§ Requirement: Make an exact copy of the lines from the top of the entries below through the line with "#6=PRODUCT_DEFINITION_FORMATION('','',#4);". Leave all pictures out.

§ Stored records:

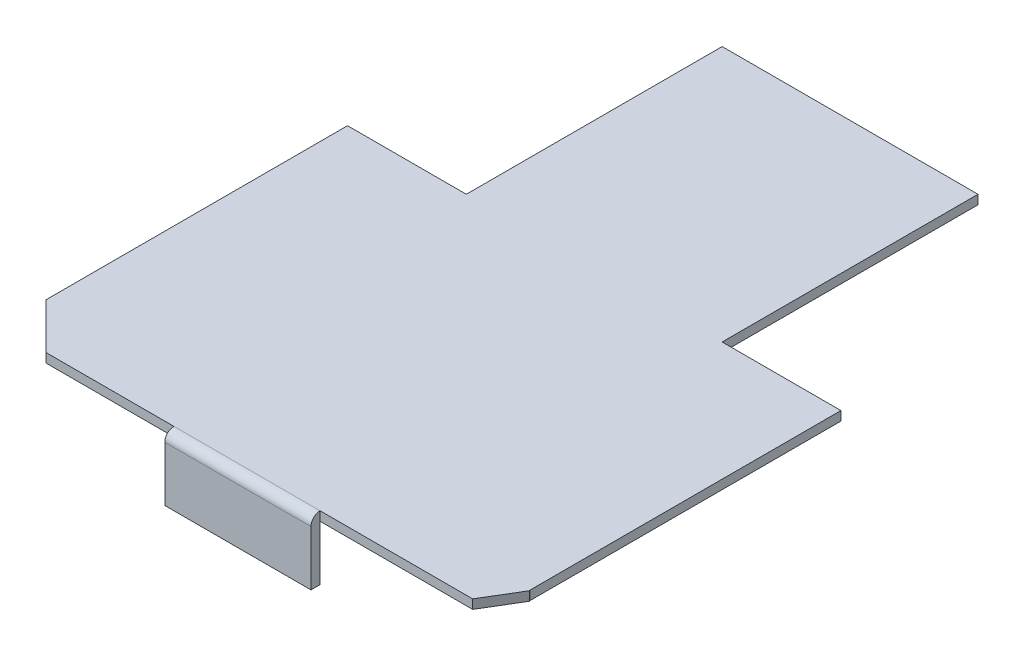
ISO-10303-21;
HEADER;
FILE_DESCRIPTION(('STEP AP214'),'2;1');
FILE_NAME('part.step','',(''),(''),'','','');
FILE_SCHEMA(('AUTOMOTIVE_DESIGN { 1 0 10303 214 1 1 1 1 }'));
ENDSEC;
DATA;
#1=APPLICATION_CONTEXT('core data for automotive mechanical design processes');
#2=APPLICATION_PROTOCOL_DEFINITION('international standard','automotive_design',2000,#1);
#3=PRODUCT_CONTEXT('',#1,'mechanical');
#4=PRODUCT('Part','Part','',(#3));
#5=PRODUCT_RELATED_PRODUCT_CATEGORY('part','',(#4));
#6=PRODUCT_DEFINITION_FORMATION('','',#4);
#7=PRODUCT_DEFINITION_CONTEXT('part definition',#1,'design');
#8=PRODUCT_DEFINITION('design','',#6,#7);
#9=PRODUCT_DEFINITION_SHAPE('','',#8);
#10=(LENGTH_UNIT() NAMED_UNIT(*) SI_UNIT(.MILLI.,.METRE.));
#11=(NAMED_UNIT(*) PLANE_ANGLE_UNIT() SI_UNIT($,.RADIAN.));
#12=(NAMED_UNIT(*) SI_UNIT($,.STERADIAN.) SOLID_ANGLE_UNIT());
#13=UNCERTAINTY_MEASURE_WITH_UNIT(LENGTH_MEASURE(1.E-05),#10,'distance_accuracy_value','');
#14=(GEOMETRIC_REPRESENTATION_CONTEXT(3) GLOBAL_UNCERTAINTY_ASSIGNED_CONTEXT((#13)) GLOBAL_UNIT_ASSIGNED_CONTEXT((#10,
#11,#12)) REPRESENTATION_CONTEXT('',''));
#15=CARTESIAN_POINT('',(0.,0.,0.));
#16=DIRECTION('',(0.,0.,1.));
#17=DIRECTION('',(1.,0.,0.));
#18=AXIS2_PLACEMENT_3D('',#15,#16,#17);
#19=CARTESIAN_POINT('',(-25.4,-19.05,66.675));
#20=DIRECTION('',(1.,0.,0.));
#21=DIRECTION('',(0.,0.,-1.));
#22=AXIS2_PLACEMENT_3D('',#19,#20,#21);
#23=PLANE('',#22);
#24=DIRECTION('',(0.,1.,0.));
#25=VECTOR('',#24,1.);
#26=CARTESIAN_POINT('',(-25.4,-19.05,69.85));
#27=LINE('',#26,#25);
#28=CARTESIAN_POINT('',(-25.4,-19.05,69.85));
#29=VERTEX_POINT('',#28);
#30=CARTESIAN_POINT('',(-25.4,0.,69.8500000000001));
#31=VERTEX_POINT('',#30);
#32=EDGE_CURVE('E268',#29,#31,#27,.T.);
#33=ORIENTED_EDGE('',*,*,#32,.T.);
#34=CARTESIAN_POINT('',(-25.4,0.,66.6750000000001));
#35=DIRECTION('',(1.,0.,0.));
#36=DIRECTION('',(0.,0.,1.));
#37=AXIS2_PLACEMENT_3D('',#34,#35,#36);
#38=CIRCLE('',#37,3.17499999999996);
#39=CARTESIAN_POINT('',(-25.4,3.175,66.675));
#40=VERTEX_POINT('',#39);
#41=EDGE_CURVE('E227',#40,#31,#38,.T.);
#42=ORIENTED_EDGE('',*,*,#41,.F.);
#43=DIRECTION('',(0.,1.,0.));
#44=VECTOR('',#43,1.);
#45=CARTESIAN_POINT('',(-25.4,-19.05,66.675));
#46=LINE('',#45,#44);
#47=CARTESIAN_POINT('',(-25.4,0.,66.675));
#48=VERTEX_POINT('',#47);
#49=EDGE_CURVE('E246',#48,#40,#46,.T.);
#50=ORIENTED_EDGE('',*,*,#49,.F.);
#51=CARTESIAN_POINT('',(-25.4,-19.05,66.675));
#52=VERTEX_POINT('',#51);
#53=EDGE_CURVE('E41',#52,#48,#46,.T.);
#54=ORIENTED_EDGE('',*,*,#53,.F.);
#55=DIRECTION('',(0.,0.,-1.));
#56=VECTOR('',#55,1.);
#57=CARTESIAN_POINT('',(-25.4,-19.05,66.675));
#58=LINE('',#57,#56);
#59=EDGE_CURVE('E260',#29,#52,#58,.T.);
#60=ORIENTED_EDGE('',*,*,#59,.F.);
#61=EDGE_LOOP('',(#33,#42,#50,#54,#60));
#62=FACE_BOUND('',#61,.T.);
#63=ADVANCED_FACE('F33',(#62),#23,.F.);
#64=CARTESIAN_POINT('',(-25.4,-19.05,66.675));
#65=DIRECTION('',(0.,0.,1.));
#66=DIRECTION('',(1.,0.,0.));
#67=AXIS2_PLACEMENT_3D('',#64,#65,#66);
#68=PLANE('',#67);
#69=ORIENTED_EDGE('',*,*,#53,.T.);
#70=DIRECTION('',(1.,0.,0.));
#71=VECTOR('',#70,1.);
#72=CARTESIAN_POINT('',(-82.55,0.,66.675));
#73=LINE('',#72,#71);
#74=CARTESIAN_POINT('',(25.4,0.,66.675));
#75=VERTEX_POINT('',#74);
#76=EDGE_CURVE('E11',#48,#75,#73,.T.);
#77=ORIENTED_EDGE('',*,*,#76,.T.);
#78=DIRECTION('',(0.,1.,0.));
#79=VECTOR('',#78,1.);
#80=CARTESIAN_POINT('',(25.4,-19.05,66.675));
#81=LINE('',#80,#79);
#82=CARTESIAN_POINT('',(25.4,-19.05,66.675));
#83=VERTEX_POINT('',#82);
#84=EDGE_CURVE('E239',#83,#75,#81,.T.);
#85=ORIENTED_EDGE('',*,*,#84,.F.);
#86=DIRECTION('',(1.,0.,0.));
#87=VECTOR('',#86,1.);
#88=CARTESIAN_POINT('',(-25.4,-19.05,66.675));
#89=LINE('',#88,#87);
#90=EDGE_CURVE('E264',#52,#83,#89,.T.);
#91=ORIENTED_EDGE('',*,*,#90,.F.);
#92=EDGE_LOOP('',(#69,#77,#85,#91));
#93=FACE_BOUND('',#92,.T.);
#94=ADVANCED_FACE('F350',(#93),#68,.F.);
#95=CARTESIAN_POINT('',(25.4,-19.05,66.675));
#96=DIRECTION('',(-1.,0.,0.));
#97=DIRECTION('',(0.,0.,1.));
#98=AXIS2_PLACEMENT_3D('',#95,#96,#97);
#99=PLANE('',#98);
#100=ORIENTED_EDGE('',*,*,#84,.T.);
#101=CARTESIAN_POINT('',(25.4,3.175,66.675));
#102=VERTEX_POINT('',#101);
#103=EDGE_CURVE('E236',#75,#102,#81,.T.);
#104=ORIENTED_EDGE('',*,*,#103,.T.);
#105=CARTESIAN_POINT('',(25.4,0.,66.675));
#106=DIRECTION('',(1.,0.,0.));
#107=DIRECTION('',(0.,0.,1.));
#108=AXIS2_PLACEMENT_3D('',#105,#106,#107);
#109=CIRCLE('',#108,3.17499999999996);
#110=CARTESIAN_POINT('',(25.4,0.,69.85));
#111=VERTEX_POINT('',#110);
#112=EDGE_CURVE('E221',#102,#111,#109,.T.);
#113=ORIENTED_EDGE('',*,*,#112,.T.);
#114=DIRECTION('',(0.,1.,0.));
#115=VECTOR('',#114,1.);
#116=CARTESIAN_POINT('',(25.4,-19.05,69.85));
#117=LINE('',#116,#115);
#118=CARTESIAN_POINT('',(25.4,-19.05,69.85));
#119=VERTEX_POINT('',#118);
#120=EDGE_CURVE('E240',#119,#111,#117,.T.);
#121=ORIENTED_EDGE('',*,*,#120,.F.);
#122=DIRECTION('',(0.,0.,1.));
#123=VECTOR('',#122,1.);
#124=CARTESIAN_POINT('',(25.4,-19.05,66.675));
#125=LINE('',#124,#123);
#126=EDGE_CURVE('E272',#83,#119,#125,.T.);
#127=ORIENTED_EDGE('',*,*,#126,.F.);
#128=EDGE_LOOP('',(#100,#104,#113,#121,#127));
#129=FACE_BOUND('',#128,.T.);
#130=ADVANCED_FACE('F363',(#129),#99,.F.);
#131=CARTESIAN_POINT('',(-25.4,-19.05,69.85));
#132=DIRECTION('',(0.,0.,-1.));
#133=DIRECTION('',(-1.,0.,0.));
#134=AXIS2_PLACEMENT_3D('',#131,#132,#133);
#135=PLANE('',#134);
#136=DIRECTION('',(-1.,0.,0.));
#137=VECTOR('',#136,1.);
#138=CARTESIAN_POINT('',(-25.4,0.,69.85));
#139=LINE('',#138,#137);
#140=EDGE_CURVE('E254',#111,#31,#139,.T.);
#141=ORIENTED_EDGE('',*,*,#140,.T.);
#142=ORIENTED_EDGE('',*,*,#32,.F.);
#143=DIRECTION('',(-1.,0.,0.));
#144=VECTOR('',#143,1.);
#145=CARTESIAN_POINT('',(-25.4,-19.05,69.85));
#146=LINE('',#145,#144);
#147=EDGE_CURVE('E58',#119,#29,#146,.T.);
#148=ORIENTED_EDGE('',*,*,#147,.F.);
#149=ORIENTED_EDGE('',*,*,#120,.T.);
#150=EDGE_LOOP('',(#141,#142,#148,#149));
#151=FACE_BOUND('',#150,.T.);
#152=ADVANCED_FACE('F355',(#151),#135,.F.);
#153=CARTESIAN_POINT('',(-25.4,-19.05,69.85));
#154=DIRECTION('',(0.,1.,0.));
#155=DIRECTION('',(0.,0.,1.));
#156=AXIS2_PLACEMENT_3D('',#153,#154,#155);
#157=PLANE('',#156);
#158=ORIENTED_EDGE('',*,*,#59,.T.);
#159=ORIENTED_EDGE('',*,*,#90,.T.);
#160=ORIENTED_EDGE('',*,*,#126,.T.);
#161=ORIENTED_EDGE('',*,*,#147,.T.);
#162=EDGE_LOOP('',(#158,#159,#160,#161));
#163=FACE_BOUND('',#162,.T.);
#164=ADVANCED_FACE('F352',(#163),#157,.F.);
#165=CARTESIAN_POINT('',(-25.4,0.,66.6750000000001));
#166=DIRECTION('',(1.,0.,0.));
#167=DIRECTION('',(0.,0.,-1.));
#168=AXIS2_PLACEMENT_3D('',#165,#166,#167);
#169=CYLINDRICAL_SURFACE('',#168,3.17499999999996);
#170=ORIENTED_EDGE('',*,*,#112,.F.);
#171=DIRECTION('',(1.,0.,0.));
#172=VECTOR('',#171,1.);
#173=CARTESIAN_POINT('',(-25.4,3.175,66.6750000000001));
#174=LINE('',#173,#172);
#175=EDGE_CURVE('E233',#40,#102,#174,.T.);
#176=ORIENTED_EDGE('',*,*,#175,.F.);
#177=ORIENTED_EDGE('',*,*,#41,.T.);
#178=ORIENTED_EDGE('',*,*,#140,.F.);
#179=EDGE_LOOP('',(#170,#176,#177,#178));
#180=FACE_BOUND('',#179,.T.);
#181=ADVANCED_FACE('F354',(#180),#169,.T.);
#182=CARTESIAN_POINT('',(-82.55,0.,66.675));
#183=DIRECTION('',(0.,0.,1.));
#184=DIRECTION('',(1.,0.,0.));
#185=AXIS2_PLACEMENT_3D('',#182,#183,#184);
#186=PLANE('',#185);
#187=ORIENTED_EDGE('',*,*,#103,.F.);
#188=CARTESIAN_POINT('',(78.4273117109311,0.,66.675));
#189=VERTEX_POINT('',#188);
#190=EDGE_CURVE('E44',#75,#189,#73,.T.);
#191=ORIENTED_EDGE('',*,*,#190,.T.);
#192=DIRECTION('',(0.,1.,0.));
#193=VECTOR('',#192,1.);
#194=CARTESIAN_POINT('',(78.4273117109312,0.,66.675));
#195=LINE('',#194,#193);
#196=CARTESIAN_POINT('',(78.4273117109311,3.175,66.675));
#197=VERTEX_POINT('',#196);
#198=EDGE_CURVE('E208',#189,#197,#195,.T.);
#199=ORIENTED_EDGE('',*,*,#198,.T.);
#200=DIRECTION('',(1.,0.,0.));
#201=VECTOR('',#200,1.);
#202=CARTESIAN_POINT('',(-82.55,3.175,66.675));
#203=LINE('',#202,#201);
#204=EDGE_CURVE('E276',#102,#197,#203,.T.);
#205=ORIENTED_EDGE('',*,*,#204,.F.);
#206=EDGE_LOOP('',(#187,#191,#199,#205));
#207=FACE_BOUND('',#206,.T.);
#208=ADVANCED_FACE('F340',(#207),#186,.T.);
#209=CARTESIAN_POINT('',(-85.725,3.175,-53.975));
#210=DIRECTION('',(0.,0.,1.));
#211=DIRECTION('',(1.,0.,0.));
#212=AXIS2_PLACEMENT_3D('',#209,#210,#211);
#213=PLANE('',#212);
#214=DIRECTION('',(0.,1.,0.));
#215=VECTOR('',#214,1.);
#216=CARTESIAN_POINT('',(-44.45,0.,-53.975));
#217=LINE('',#216,#215);
#218=CARTESIAN_POINT('',(-44.45,0.,-53.975));
#219=VERTEX_POINT('',#218);
#220=CARTESIAN_POINT('',(-44.45,3.175,-53.975));
#221=VERTEX_POINT('',#220);
#222=EDGE_CURVE('E152',#219,#221,#217,.T.);
#223=ORIENTED_EDGE('',*,*,#222,.F.);
#224=DIRECTION('',(-1.,0.,0.));
#225=VECTOR('',#224,1.);
#226=CARTESIAN_POINT('',(-85.725,0.,-53.975));
#227=LINE('',#226,#225);
#228=CARTESIAN_POINT('',(-85.725,0.,-53.975));
#229=VERTEX_POINT('',#228);
#230=EDGE_CURVE('E165',#219,#229,#227,.T.);
#231=ORIENTED_EDGE('',*,*,#230,.T.);
#232=DIRECTION('',(0.,-1.,0.));
#233=VECTOR('',#232,1.);
#234=CARTESIAN_POINT('',(-85.725,3.175,-53.975));
#235=LINE('',#234,#233);
#236=CARTESIAN_POINT('',(-85.725,3.175,-53.975));
#237=VERTEX_POINT('',#236);
#238=EDGE_CURVE('E199',#237,#229,#235,.T.);
#239=ORIENTED_EDGE('',*,*,#238,.F.);
#240=DIRECTION('',(-1.,0.,0.));
#241=VECTOR('',#240,1.);
#242=CARTESIAN_POINT('',(-85.725,3.175,-53.975));
#243=LINE('',#242,#241);
#244=EDGE_CURVE('E167',#221,#237,#243,.T.);
#245=ORIENTED_EDGE('',*,*,#244,.F.);
#246=EDGE_LOOP('',(#223,#231,#239,#245));
#247=FACE_BOUND('',#246,.T.);
#248=ADVANCED_FACE('F163',(#247),#213,.F.);
#249=CARTESIAN_POINT('',(85.725,3.175,53.975));
#250=DIRECTION('',(-1.,0.,0.));
#251=DIRECTION('',(0.,0.,1.));
#252=AXIS2_PLACEMENT_3D('',#249,#250,#251);
#253=PLANE('',#252);
#254=DIRECTION('',(0.,0.,-1.));
#255=VECTOR('',#254,1.);
#256=CARTESIAN_POINT('',(85.725,0.,53.975));
#257=LINE('',#256,#255);
#258=CARTESIAN_POINT('',(85.725,0.,53.975));
#259=VERTEX_POINT('',#258);
#260=CARTESIAN_POINT('',(85.725,0.,-53.975));
#261=VERTEX_POINT('',#260);
#262=EDGE_CURVE('E177',#259,#261,#257,.T.);
#263=ORIENTED_EDGE('',*,*,#262,.T.);
#264=DIRECTION('',(0.,-1.,0.));
#265=VECTOR('',#264,1.);
#266=CARTESIAN_POINT('',(85.725,3.175,-53.975));
#267=LINE('',#266,#265);
#268=CARTESIAN_POINT('',(85.725,3.175,-53.975));
#269=VERTEX_POINT('',#268);
#270=EDGE_CURVE('E202',#269,#261,#267,.T.);
#271=ORIENTED_EDGE('',*,*,#270,.F.);
#272=DIRECTION('',(0.,0.,-1.));
#273=VECTOR('',#272,1.);
#274=CARTESIAN_POINT('',(85.725,3.175,53.975));
#275=LINE('',#274,#273);
#276=CARTESIAN_POINT('',(85.725,3.175,53.975));
#277=VERTEX_POINT('',#276);
#278=EDGE_CURVE('E195',#277,#269,#275,.T.);
#279=ORIENTED_EDGE('',*,*,#278,.F.);
#280=DIRECTION('',(0.,-1.,0.));
#281=VECTOR('',#280,1.);
#282=CARTESIAN_POINT('',(85.725,3.175,53.975));
#283=LINE('',#282,#281);
#284=EDGE_CURVE('E196',#277,#259,#283,.T.);
#285=ORIENTED_EDGE('',*,*,#284,.T.);
#286=EDGE_LOOP('',(#263,#271,#279,#285));
#287=FACE_BOUND('',#286,.T.);
#288=ADVANCED_FACE('F330',(#287),#253,.F.);
#289=CARTESIAN_POINT('',(44.45,0.,-53.975));
#290=VERTEX_POINT('',#289);
#291=EDGE_CURVE('E176',#261,#290,#227,.T.);
#292=ORIENTED_EDGE('',*,*,#291,.T.);
#293=DIRECTION('',(0.,1.,0.));
#294=VECTOR('',#293,1.);
#295=CARTESIAN_POINT('',(44.45,0.,-53.975));
#296=LINE('',#295,#294);
#297=CARTESIAN_POINT('',(44.45,3.175,-53.975));
#298=VERTEX_POINT('',#297);
#299=EDGE_CURVE('E168',#290,#298,#296,.T.);
#300=ORIENTED_EDGE('',*,*,#299,.T.);
#301=EDGE_CURVE('E187',#269,#298,#243,.T.);
#302=ORIENTED_EDGE('',*,*,#301,.F.);
#303=ORIENTED_EDGE('',*,*,#270,.T.);
#304=EDGE_LOOP('',(#292,#300,#302,#303));
#305=FACE_BOUND('',#304,.T.);
#306=ADVANCED_FACE('F326',(#305),#213,.F.);
#307=CARTESIAN_POINT('',(-85.725,3.175,53.975));
#308=DIRECTION('',(1.,0.,0.));
#309=DIRECTION('',(0.,0.,-1.));
#310=AXIS2_PLACEMENT_3D('',#307,#308,#309);
#311=PLANE('',#310);
#312=DIRECTION('',(0.,0.,1.));
#313=VECTOR('',#312,1.);
#314=CARTESIAN_POINT('',(-85.725,0.,53.975));
#315=LINE('',#314,#313);
#316=CARTESIAN_POINT('',(-85.725,0.,50.7999999999998));
#317=VERTEX_POINT('',#316);
#318=EDGE_CURVE('E175',#229,#317,#315,.T.);
#319=ORIENTED_EDGE('',*,*,#318,.T.);
#320=DIRECTION('',(0.,-1.,0.));
#321=VECTOR('',#320,1.);
#322=CARTESIAN_POINT('',(-85.725,0.,50.7999999999997));
#323=LINE('',#322,#321);
#324=CARTESIAN_POINT('',(-85.725,3.175,50.7999999999998));
#325=VERTEX_POINT('',#324);
#326=EDGE_CURVE('E220',#317,#325,#323,.F.);
#327=ORIENTED_EDGE('',*,*,#326,.T.);
#328=DIRECTION('',(0.,0.,1.));
#329=VECTOR('',#328,1.);
#330=CARTESIAN_POINT('',(-85.725,3.175,53.975));
#331=LINE('',#330,#329);
#332=EDGE_CURVE('E200',#237,#325,#331,.T.);
#333=ORIENTED_EDGE('',*,*,#332,.F.);
#334=ORIENTED_EDGE('',*,*,#238,.T.);
#335=EDGE_LOOP('',(#319,#327,#333,#334));
#336=FACE_BOUND('',#335,.T.);
#337=ADVANCED_FACE('F420',(#336),#311,.F.);
#338=CARTESIAN_POINT('',(85.725,3.175,-53.975));
#339=DIRECTION('',(0.,-1.,0.));
#340=DIRECTION('',(0.,0.,-1.));
#341=AXIS2_PLACEMENT_3D('',#338,#339,#340);
#342=PLANE('',#341);
#343=CARTESIAN_POINT('',(-69.8499999999999,3.175,66.675));
#344=VERTEX_POINT('',#343);
#345=EDGE_CURVE('E279',#344,#40,#203,.T.);
#346=ORIENTED_EDGE('',*,*,#345,.T.);
#347=ORIENTED_EDGE('',*,*,#175,.T.);
#348=ORIENTED_EDGE('',*,*,#204,.T.);
#349=DIRECTION('',(-0.514495755427524,0.,0.857492925712546));
#350=VECTOR('',#349,1.);
#351=CARTESIAN_POINT('',(78.4273117109312,3.175,66.675));
#352=LINE('',#351,#350);
#353=CARTESIAN_POINT('',(85.8197975620386,3.175,54.3541902481542));
#354=VERTEX_POINT('',#353);
#355=EDGE_CURVE('E213',#197,#354,#352,.F.);
#356=ORIENTED_EDGE('',*,*,#355,.T.);
#357=DIRECTION('',(-0.242535625036332,0.,-0.970142500145332));
#358=VECTOR('',#357,1.);
#359=CARTESIAN_POINT('',(88.9,3.175,66.675));
#360=LINE('',#359,#358);
#361=EDGE_CURVE('E284',#354,#277,#360,.T.);
#362=ORIENTED_EDGE('',*,*,#361,.T.);
#363=ORIENTED_EDGE('',*,*,#278,.T.);
#364=ORIENTED_EDGE('',*,*,#301,.T.);
#365=DIRECTION('',(0.,0.,-1.));
#366=VECTOR('',#365,1.);
#367=CARTESIAN_POINT('',(44.45,3.175,-53.975));
#368=LINE('',#367,#366);
#369=CARTESIAN_POINT('',(44.45,3.175,-142.875));
#370=VERTEX_POINT('',#369);
#371=EDGE_CURVE('E291',#298,#370,#368,.T.);
#372=ORIENTED_EDGE('',*,*,#371,.T.);
#373=DIRECTION('',(-1.,0.,0.));
#374=VECTOR('',#373,1.);
#375=CARTESIAN_POINT('',(-44.45,3.175,-142.875));
#376=LINE('',#375,#374);
#377=CARTESIAN_POINT('',(-44.45,3.175,-142.875));
#378=VERTEX_POINT('',#377);
#379=EDGE_CURVE('E159',#370,#378,#376,.T.);
#380=ORIENTED_EDGE('',*,*,#379,.T.);
#381=DIRECTION('',(0.,0.,1.));
#382=VECTOR('',#381,1.);
#383=CARTESIAN_POINT('',(-44.45,3.175,-53.975));
#384=LINE('',#383,#382);
#385=EDGE_CURVE('E294',#378,#221,#384,.T.);
#386=ORIENTED_EDGE('',*,*,#385,.T.);
#387=ORIENTED_EDGE('',*,*,#244,.T.);
#388=ORIENTED_EDGE('',*,*,#332,.T.);
#389=DIRECTION('',(-0.707106781186544,0.,-0.707106781186551));
#390=VECTOR('',#389,1.);
#391=CARTESIAN_POINT('',(-86.7833333333334,3.175,49.7416666666663));
#392=LINE('',#391,#390);
#393=EDGE_CURVE('E211',#325,#344,#392,.F.);
#394=ORIENTED_EDGE('',*,*,#393,.T.);
#395=EDGE_LOOP('',(#346,#347,#348,#356,#362,#363,#364,#372,#380,#386,#387,#388,#394));
#396=FACE_BOUND('',#395,.T.);
#397=ADVANCED_FACE('F313',(#396),#342,.F.);
#398=CARTESIAN_POINT('',(85.725,0.,-53.975));
#399=DIRECTION('',(0.,-1.,0.));
#400=DIRECTION('',(0.,0.,-1.));
#401=AXIS2_PLACEMENT_3D('',#398,#399,#400);
#402=PLANE('',#401);
#403=DIRECTION('',(-0.242535625036332,0.,-0.970142500145332));
#404=VECTOR('',#403,1.);
#405=CARTESIAN_POINT('',(88.9,0.,66.675));
#406=LINE('',#405,#404);
#407=CARTESIAN_POINT('',(85.8197975620386,0.,54.3541902481543));
#408=VERTEX_POINT('',#407);
#409=EDGE_CURVE('E182',#408,#259,#406,.T.);
#410=ORIENTED_EDGE('',*,*,#409,.F.);
#411=DIRECTION('',(0.514495755427524,0.,-0.857492925712546));
#412=VECTOR('',#411,1.);
#413=CARTESIAN_POINT('',(133.586993905096,0.,-25.2578036569424));
#414=LINE('',#413,#412);
#415=EDGE_CURVE('E219',#408,#189,#414,.F.);
#416=ORIENTED_EDGE('',*,*,#415,.T.);
#417=ORIENTED_EDGE('',*,*,#190,.F.);
#418=ORIENTED_EDGE('',*,*,#76,.F.);
#419=CARTESIAN_POINT('',(-69.8499999999999,0.,66.675));
#420=VERTEX_POINT('',#419);
#421=EDGE_CURVE('E43',#420,#48,#73,.T.);
#422=ORIENTED_EDGE('',*,*,#421,.F.);
#423=DIRECTION('',(0.707106781186544,0.,0.707106781186551));
#424=VECTOR('',#423,1.);
#425=CARTESIAN_POINT('',(-52.3875000000007,0.,84.1374999999994));
#426=LINE('',#425,#424);
#427=EDGE_CURVE('E217',#420,#317,#426,.F.);
#428=ORIENTED_EDGE('',*,*,#427,.T.);
#429=ORIENTED_EDGE('',*,*,#318,.F.);
#430=ORIENTED_EDGE('',*,*,#230,.F.);
#431=DIRECTION('',(0.,0.,1.));
#432=VECTOR('',#431,1.);
#433=CARTESIAN_POINT('',(-44.45,0.,-53.975));
#434=LINE('',#433,#432);
#435=CARTESIAN_POINT('',(-44.45,0.,-142.875));
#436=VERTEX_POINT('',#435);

§ Solution to this task:
ISO-10303-21;
HEADER;
FILE_DESCRIPTION(('STEP AP214'),'2;1');
FILE_NAME('part.step','',(''),(''),'','','');
FILE_SCHEMA(('AUTOMOTIVE_DESIGN { 1 0 10303 214 1 1 1 1 }'));
ENDSEC;
DATA;
#1=APPLICATION_CONTEXT('core data for automotive mechanical design processes');
#2=APPLICATION_PROTOCOL_DEFINITION('international standard','automotive_design',2000,#1);
#3=PRODUCT_CONTEXT('',#1,'mechanical');
#4=PRODUCT('Part','Part','',(#3));
#5=PRODUCT_RELATED_PRODUCT_CATEGORY('part','',(#4));
#6=PRODUCT_DEFINITION_FORMATION('','',#4);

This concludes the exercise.